Starköchin und Politikerin Sarah Wiener berichtet im Interview mit MLP über diese Zeit und das Thema gesunde und nachhaltige Ernährung von Kindern.

Nachhaltigkeit Sarah Wiener
(© Sarah Wiener Stiftung | Christian Kaufmann)

Frau Wiener, Sie sind Fernsehköchin, Unternehmerin, Politikerin und Vorsitzende Ihrer eigenen Stiftung, die sich der gesunden und nachhaltigen Ernährung von Kindern widmet. Ihr Alltag war schon immer stark getaktet – wie haben Sie die Corona-Zeit persönlich erlebt?

"Für mich war es ein großes Glück, in meinem Haus und Garten sein zu dürfen. Auf einmal keine Reisen und Termine! Herrlich war das. Ich habe mehr gekocht als all die Monate davor und auch viel Kuchen gebacken, weil es einfach so viel Spaß macht."

Glauben Sie, dass sich durch Corona das Verhältnis der Deutschen zum Thema Ernährung nachhaltig verändert hat?

"Das kann man jetzt noch nicht sagen. Bei einigen wird schon ein Umdenken und eine andere Wahrnehmung über die Verletzlichkeit unseres globalen industriellen Nahrungssystems stattgefunden haben. Wir sind ja weltweit auch noch lang nicht über dem Berg."

Das Thema Ernährung hat während des Lockdowns eine besondere Rolle gespielt – Familien mussten sich ihr Essen viel häufiger selbst zubereiten, haben dank Home Office und Home Schooling auch öfter zusammen am Tisch gesessen. Jetzt beklagen viele ihre zusätzlichen „Corona-Kilos“. Was haben die Familien falsch gemacht?

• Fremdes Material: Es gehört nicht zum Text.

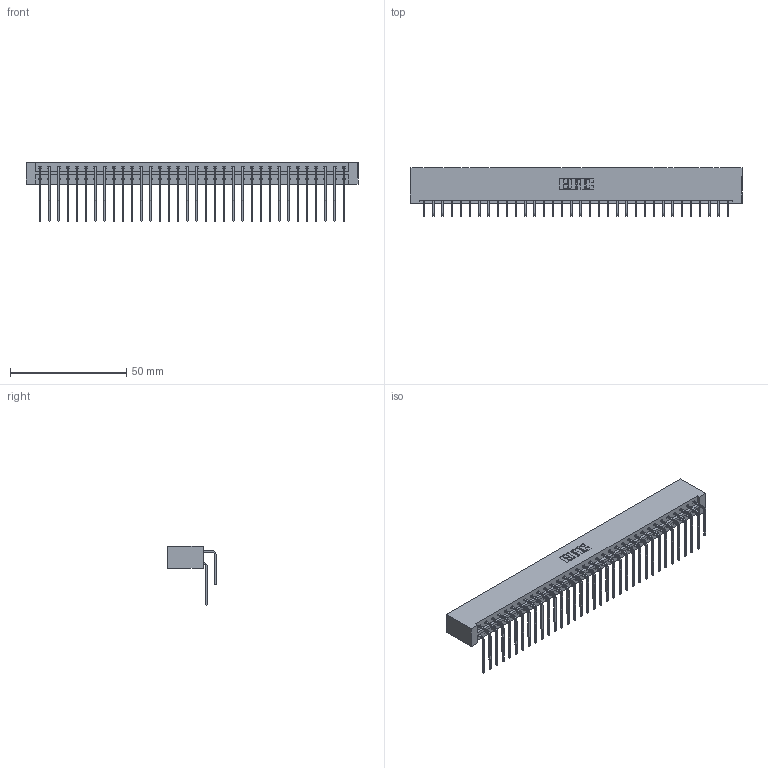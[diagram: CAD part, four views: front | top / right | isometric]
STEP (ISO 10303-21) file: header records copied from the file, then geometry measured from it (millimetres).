
FILE_DESCRIPTION (( 'STEP AP203' ), '1' );
FILE_NAME ('833-068-559-201.STEP', '2020-06-05T11:25:30', ( '' ), ( '' ), 'SwSTEP 2.0', 'SolidWorks 2020', '' );
FILE_SCHEMA (( 'CONFIG_CONTROL_DESIGN' ));
Length unit declared in the file: inch
Products named in the file (4): 345-292-001_558 559 Tail - 1; 345-292-001_559 Tail - 2; 833 Part_Lugless; 833-068-559-201
Assembly tree (69 placements, depth 2):
  833-068-559-201
    833 Part_Lugless
    345-292-001_558 559 Tail - 1  x34
    345-292-001_559 Tail - 2  x34
Bounding box: 142.98 x 20.9 x 25.53 mm (x, y, z)
Volume: 15546.8 mm3; surface area: 20272.5 mm2
Topology: 69 solids, 69 shells, 3778 faces, 11235 edges, 7398 vertices
Faces by surface type: plane 2650, cylinder 1128
Entity records: 24415 total; most frequent: CARTESIAN_POINT 4105, ORIENTED_EDGE 3990, DIRECTION 3495, EDGE_CURVE 1995, VECTOR 1835, LINE 1835, VERTEX_POINT 1326, AXIS2_PLACEMENT_3D 830

"Wenn man nicht raus darf und sich bewegt, dann wird man automatisch dicker. Kochen und essen stärkt außerdem den Zusammenhalt und gibt dem Tag Struktur. Es hätte mich gewundert, wenn wir nicht alle etwas runder geworden wären. Besser rund und gesund mit guten Lebensmitteln als mangelernährt und dick mit Junkfood."

Wie schaffen es berufstätige Mütter, ihren Kindern das Thema gesunde Ernährung näher zu bringen?

"Einfach gesund und schmackhaft kochen und einkaufen. Wenn es keine Cola im Kühlschrank gibt, kann man sie auch nicht trinken."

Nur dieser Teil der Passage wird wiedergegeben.